REQUIRED ACTION:
Whenever a line below includes the word "through", copy that line.

*** Opening of EXERCISE DATA ***

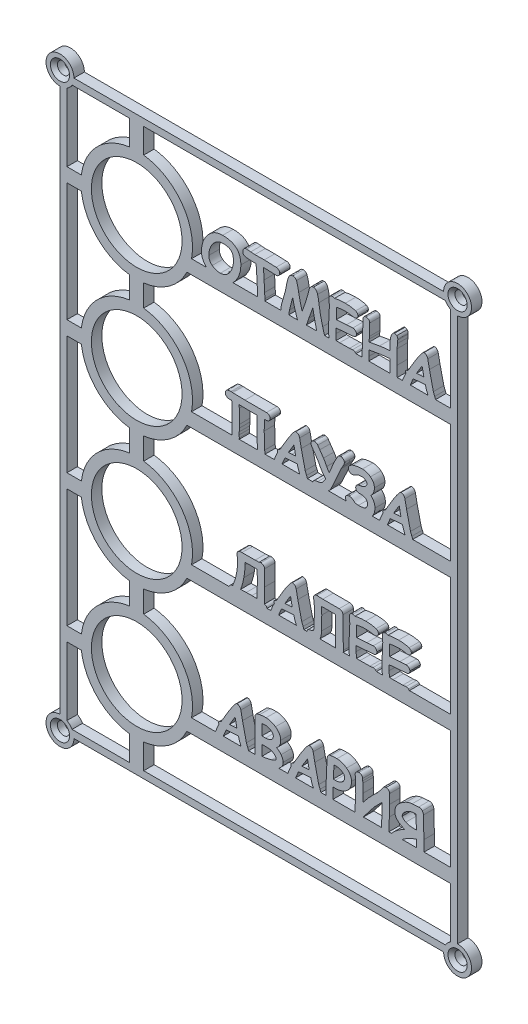
SolidWorks part; units mm, degrees
ref_plane "Спереди" through (0, 0, 0) normal (0, 0, 1) x (1, 0, 0)
ref_plane "Сверху" through (0, 0, 0) normal (0, 1, 0) x (1, 0, 0)
ref_plane "Справа" through (0, 0, 0) normal (1, 0, 0) x (0, 0, -1)
sketch "Эскиз1" plane through (0, 0, 0) normal (0, 0, 1) x (1, 0, 0)
  line L0 (-55, 80) -> (-35, 80)
  line L1 (-55, 80) -> (55, 80)
  line L2 (-55, 80) -> (-55, -80)
  line L3 (-55, -80) -> (55, -80)
  line L4 (55, 80) -> (55, -80)
  line L5 (-55, 80) -> (55, -80) construction
  line L6 (-55, -80) -> (55, 80) construction
  line L8 (-35, -57) -> (-35, -19)
  line L9 (-35, -19) -> (-35, 19)
  line L10 (-35, 19) -> (-35, 57)
  line L11 (-35, -57) -> (-35, -80)
  line L12 (-35, 57) -> (-35, 80)
  line L13 (-57, 82) -> (57, 82)
  line L14 (-57, 82) -> (-57, -82)
  line L15 (-57, -82) -> (57, -82)
  line L16 (57, 82) -> (57, -82)
  line L17 (-57, 82) -> (57, -82) construction
  line L18 (-57, -82) -> (57, 82) construction
  circle A0 centre (-35, -57) radius 13
  circle A1 centre (-35, -19) radius 13
  circle A2 centre (-35, 19) radius 13
  circle A3 centre (-35, 57) radius 13
  circle A4 centre (-35, 57) radius 16
  circle A5 centre (-35, 19) radius 16
  circle A6 centre (-35, -19) radius 16
  circle A7 centre (-35, -57) radius 16
  point P0 (0, 0)
  point P20 (0, 0)
  dimension "D5" = 114
  dimension "D1" = 110
  dimension "D2" = 160
  dimension "D3" = 20
  dimension "D4" = 23
  dimension "D6" = 38
  dimension "D7" = 164
extrude "Бобышка-Вытянуть1" add sketch "Эскиз1" against normal blind 3 contours L16 L13 L14 L15 L1 L4 L3 L2 L0 | L10 A4 L12 A3 | L12 A4 L10 A3 | L9 A5 L10 A2 | L10 A5 L9 A2 | L8 A6 L9 A1 | L9 A6 L8 A1 | L11 A7 L8 A0 | L8 A7 L11 A0 region at (-23.9393, 68.0607, 0) region at (-35.3578, 71.5, 0) region at (-50.6422, -57, 0) region at (-34.6422, -71.5, 0) region at (-23.9393, 30.0607, 0) region at (-35.3578, 33.5, 0) region at (-50.6422, -19, 0) region at (-34.6422, -33.5, 0) region at (0, 80.0027, 0)
sketch "Эскиз2" plane through (0, 0, 0) normal (0, 0, 1) x (1, 0, 0)
  line L1 (-55, 80) -> (55, 80) construction
  line L3 (-55, -80) -> (55, -80) construction
  line L4 (-35, -80) -> (-37, -80)
  line L5 (-37, -80) -> (-37, 80)
  line L6 (-37, 80) -> (-33, 80)
  line L7 (-33, 80) -> (-33, -80)
  line L8 (-33, -80) -> (-37, -80)
  circle A0 centre (-35, 57) radius 13
  circle A1 centre (-35, 57) radius 16
  circle A2 centre (-35, 19) radius 13
  circle A3 centre (-35, 19) radius 16
  circle A4 centre (-35, -19) radius 13
  circle A5 centre (-35, -19) radius 16
  circle A6 centre (-35, -57) radius 13
  circle A7 centre (-35, -57) radius 16
  circle M3 centre (-35, 19) radius 16
  dimension "D1" = 2
  dimension "D2" = 2
extrude "Бобышка-Вытянуть2" add sketch "Эскиз2" against normal blind 3 contours A7 L5 L4 L8 L7 | A7 L7 A5 L5 | A5 L7 L5 M3 | A1 L5 L7 M3 | A1 L7 L6 L5 region at (-35, -76.479, 0) region at (-35, -38, 0) region at (-35, 0, 0) region at (-35, 38, 0) region at (-35, 76.479, 0)
sketch "Эскиз3" plane through (0, 0, 0) normal (0, 0, 1) x (1, 0, 0)
  line L0 (-35, 17) -> (-55, 17)
  line L1 (-55, 80) -> (-55, -80) construction
  line L2 (-55, 57) -> (-55, 59)
  line L3 (-55, 59) -> (-35, 59)
  line L4 (-35, 59) -> (-35, 55)
  line L5 (-35, 55) -> (-55, 55)
  line L6 (-55, 55) -> (-55, 57)
  line L7 (-35, 21) -> (-35, 17)
  line L8 (-55, 21) -> (-35, 21)
  line L9 (-55, 17) -> (-55, 19)
  line L10 (-55, 19) -> (-55, 21)
  line L11 (-35, -21) -> (-55, -21)
  line L12 (-35, -17) -> (-35, -21)
  line L13 (-55, -17) -> (-35, -17)
  line L14 (-55, -21) -> (-55, -19)
  line L15 (-55, -19) -> (-55, -17)
  line L16 (-35, -59) -> (-55, -59)
  line L17 (-35, -55) -> (-35, -59)
  line L18 (-55, -55) -> (-35, -55)
  line L19 (-55, -59) -> (-55, -57)
  line L20 (-55, -57) -> (-55, -55)
  circle A0 centre (-35, 57) radius 13
  circle A1 centre (-35, 57) radius 16
  circle A2 centre (-35, 19) radius 13
  circle A3 centre (-35, 19) radius 16
  circle A4 centre (-35, -19) radius 13
  circle A5 centre (-35, -19) radius 16
  circle A6 centre (-35, -57) radius 13
  circle A7 centre (-35, -57) radius 16
  arc M39 (-37, 72.8745) -> (-37, 41.1255) centre (-35, 57) ccw
  arc M41 (-37, 34.8745) -> (-37, 3.1255) centre (-35, 19) ccw
  arc M43 (-37, -3.1255) -> (-37, -34.8745) centre (-35, -19) ccw
  arc M45 (-37, -41.1255) -> (-37, -72.8745) centre (-35, -57) ccw
  line M48 (-55, -80) -> (-55, 80)
  circle M49 centre (-35, -57) radius 13
  circle M50 centre (-35, -19) radius 13
  circle M51 centre (-35, 19) radius 13
  circle M52 centre (-35, 57) radius 13
  dimension "D1" = 2
  dimension "D2" = 2
  dimension "D3" = 4
extrude "Бобышка-Вытянуть4" add sketch "Эскиз3" against normal blind 3 contours L8 L0 M48 M41 | L8 L0 M41 M51 | L5 L3 M39 M48 | L5 L3 M52 M39 | L13 L11 M48 M43 | L13 L11 M43 M50 | L18 L16 M48 M45 | L18 L16 M45 M49 region at (-49.4533, 19, 0) region at (-52.9789, -57, 0) region at (-52.9789, -19, 0) region at (-52.9789, 57, 0) region at (-52.9789, 19, 0) region at (-49.4533, -19, 0) region at (-49.4533, 57, 0) region at (-49.4533, -57, 0)
sketch "Эскиз4" plane through (0, 0, 0) normal (0, 0, 1) x (1, 0, 0)
  line L0 (-55, 55) -> (-55, 50)
  line L1 (-55, 55) -> (-55, 21) construction
  line L2 (-55, 50) -> (55, 50)
  line L3 (55, 80) -> (55, -80) construction
  line L4 (-55, 17) -> (-55, 12)
  line L5 (-55, 17) -> (-55, -17) construction
  line L6 (-55, 12) -> (55, 12)
  line L7 (-50.8745, 17) -> (-55, 17) construction
  line L8 (-55, -21) -> (-55, -55) construction
  line L9 (-55, -26) -> (55, -26)
  line L10 (-55, -21) -> (-55, -26)
  line L11 (-55, -59) -> (-55, -80) construction
  line L12 (-55, -64) -> (55, -64)
  line L13 (55, 50) -> (55, 54)
  line L14 (55, 54) -> (-22.3509, 54)
  line L15 (-55, -59) -> (-55, -64)
  line L16 (55, 12) -> (55, 16)
  line L17 (55, 16) -> (-22.3509, 16)
  line L19 (55, -26) -> (55, -22)
  line L20 (55, -22) -> (-22.3509, -22)
  line L22 (55, -64) -> (55, -60)
  line L23 (55, -60) -> (-22.3509, -60)
  circle A0 centre (-35, 57) radius 13 construction
  circle A1 centre (-35, 19) radius 13 construction
  circle A2 centre (-35, -19) radius 13 construction
  circle A3 centre (-35, -57) radius 13 construction
  circle A4 centre (-35, 57) radius 13
  circle A5 centre (-35, 19) radius 13
  circle A6 centre (-35, -19) radius 13
  circle A7 centre (-35, -57) radius 13
  circle M17 centre (-35, -57) radius 13
  circle M29 centre (-35, -19) radius 13
  circle M41 centre (-35, 57) radius 13
  circle M42 centre (-35, 19) radius 13
  line M45 (55, 80) -> (55, -80)
  arc M48 (-33, -72.8745) -> (-33, -41.1255) centre (-35, -57) ccw
  arc M50 (-33, -34.8745) -> (-33, -3.1255) centre (-35, -19) ccw
  arc M52 (-33, 3.1255) -> (-33, 34.8745) centre (-35, 19) ccw
  arc M54 (-33, 41.1255) -> (-33, 72.8745) centre (-35, 57) ccw
  dimension "D1" = 5
  dimension "D2" = 4
  dimension "D3" = 4
  dimension "D4" = 4
  dimension "D5" = 4
extrude "Бобышка-Вытянуть6" add sketch "Эскиз4" against normal blind 3 contours L17 L6 M45 M52 | L17 L6 M52 M42 | L14 L2 M45 M54 | L14 L2 M54 M41 | L20 L9 M45 M50 | L20 L9 M50 M29 | L23 L12 M45 M48 | L23 L12 M48 M17 region at (17.574, -62.0059, 0) region at (17.574, -24.0059, 0) region at (17.574, 13.9941, 0) region at (-21.4722, 51.9627, 0) region at (17.574, 51.9941, 0) region at (-21.4722, 13.9627, 0) region at (-21.4722, -24.0373, 0) region at (-21.4722, -62.0373, 0)
sketch "Эскиз6" plane through (0, 0, 0) normal (0, 0, 1) x (1, 0, 0)
  line L0 (55, 54) -> (55, 53)
  line L1 (55, 53) -> (-20, 53)
  line L2 (55, 16) -> (55, 15)
  line L3 (55, 15) -> (-20, 15)
  line L4 (55, -22) -> (55, -23)
  line L5 (55, -23) -> (-20, -23)
  line L6 (55, -60) -> (55, -61)
  line L7 (55, -61) -> (-20, -61)
  line L8 (31.6782, 58.7841) -> (34.6254, 59.3)
  line L9 (14.0414, 61.6564) -> (14.4669, 63.3647)
  line L10 (16.7241, 53.5908) -> (16.2986, 55.3807)
  line L11 (14.3787, 56.0905) -> (13.9224, 54.7304)
  line L12 (11.2221, 53.5379) -> (10.7878, 54.9156)
  line L13 (-0.7694, 62.0289) -> (-1.153, 62.0289)
  line L14 (19.2635, -60.1822) -> (19.2635, -58.1101)
  line L15 (-1.0516, -60.2461) -> (-1.0516, -52.3039)
  line L16 (0.9235, -51.2657) -> (0.9235, -52.8242)
  line L17 (0.9235, -52.8242) -> (0.9235, -54.3694)
  line L18 (0.9235, -56.4855) -> (0.9235, -59.4482)
  line L19 (18.3553, -11.7139) -> (23.0659, -11.7139)
  line L20 (-4.821, -11.7293) -> (-1.0516, -11.7139)
  line L21 (1.6179, -21.2961) -> (1.6774, -21.3269)
  line L22 (-3.9657, 26.5683) -> (2.213, 26.5529)
  spline S0 degree 3 poles (49.6589, 52.7178) (49.5525, 52.7214) (49.3906, 52.7814) (49.2026, 52.9332) (49.0532, 53.0929) (48.9068, 53.2971) (48.6922, 53.6439) (48.5579, 53.9406) (48.4663, 54.1507) knots 0 0 0 0 0.162439 0.258631 0.370957 0.499126 0.645801 1 1 1 1
  spline S1 degree 3 poles (48.4663, 54.1507) (48.3224, 54.4696) (48.0641, 55.1602) (47.8603, 55.8686) (47.7698, 56.2448) knots 0 0 0 0 0.474794 1 1 1 1
  spline S2 degree 3 poles (47.7698, 56.2448) (47.6661, 56.2348) (47.5005, 56.2137) (47.265, 56.1956) (47.057, 56.1807) (46.8279, 56.1615) (46.4787, 56.1427) (46.2064, 56.1216) (46.0173, 56.1147) knots 0 0 0 0 0.177843 0.284813 0.403036 0.53386 0.677111 1 1 1 1
  spline S3 degree 3 poles (46.0173, 56.1147) (45.6804, 56.0972) (45.0953, 56.0564) (44.5117, 55.9972) (44.2649, 55.9626) knots 0 0 0 0 0.575221 1 1 1 1
  spline S4 degree 3 poles (44.2649, 55.9626) (44.2022, 55.7955) (44.0988, 55.5311) (43.9409, 55.1639) (43.8049, 54.8436) (43.6528, 54.4961) (43.4209, 53.9762) (43.2327, 53.5756) (43.1054, 53.2976) knots 0 0 0 0 0.184193 0.292924 0.412507 0.543245 0.684452 1 1 1 1
  spline S5 degree 3 poles (43.1054, 53.2976) (43.0556, 53.2062) (42.967, 53.0822) (42.8268, 52.9442) (42.7174, 52.8601) (42.5977, 52.797) (42.427, 52.7327) (42.289, 52.7184) (42.1972, 52.7178) knots 0 0 0 0 0.274963 0.400013 0.519329 0.63844 0.756484 1 1 1 1
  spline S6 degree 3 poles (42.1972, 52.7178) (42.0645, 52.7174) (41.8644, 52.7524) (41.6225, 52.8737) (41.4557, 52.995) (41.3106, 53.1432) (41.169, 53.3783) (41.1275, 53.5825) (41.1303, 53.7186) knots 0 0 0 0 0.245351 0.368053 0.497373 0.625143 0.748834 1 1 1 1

*** Close of EXERCISE DATA ***

WRITTEN RESPONSE:
ref_plane "Спереди" through (0, 0, 0) normal (0, 0, 1) x (1, 0, 0)
ref_plane "Сверху" through (0, 0, 0) normal (0, 1, 0) x (1, 0, 0)
ref_plane "Справа" through (0, 0, 0) normal (1, 0, 0) x (0, 0, -1)
sketch "Эскиз1" plane through (0, 0, 0) normal (0, 0, 1) x (1, 0, 0)
sketch "Эскиз2" plane through (0, 0, 0) normal (0, 0, 1) x (1, 0, 0)
sketch "Эскиз3" plane through (0, 0, 0) normal (0, 0, 1) x (1, 0, 0)
sketch "Эскиз4" plane through (0, 0, 0) normal (0, 0, 1) x (1, 0, 0)
sketch "Эскиз6" plane through (0, 0, 0) normal (0, 0, 1) x (1, 0, 0)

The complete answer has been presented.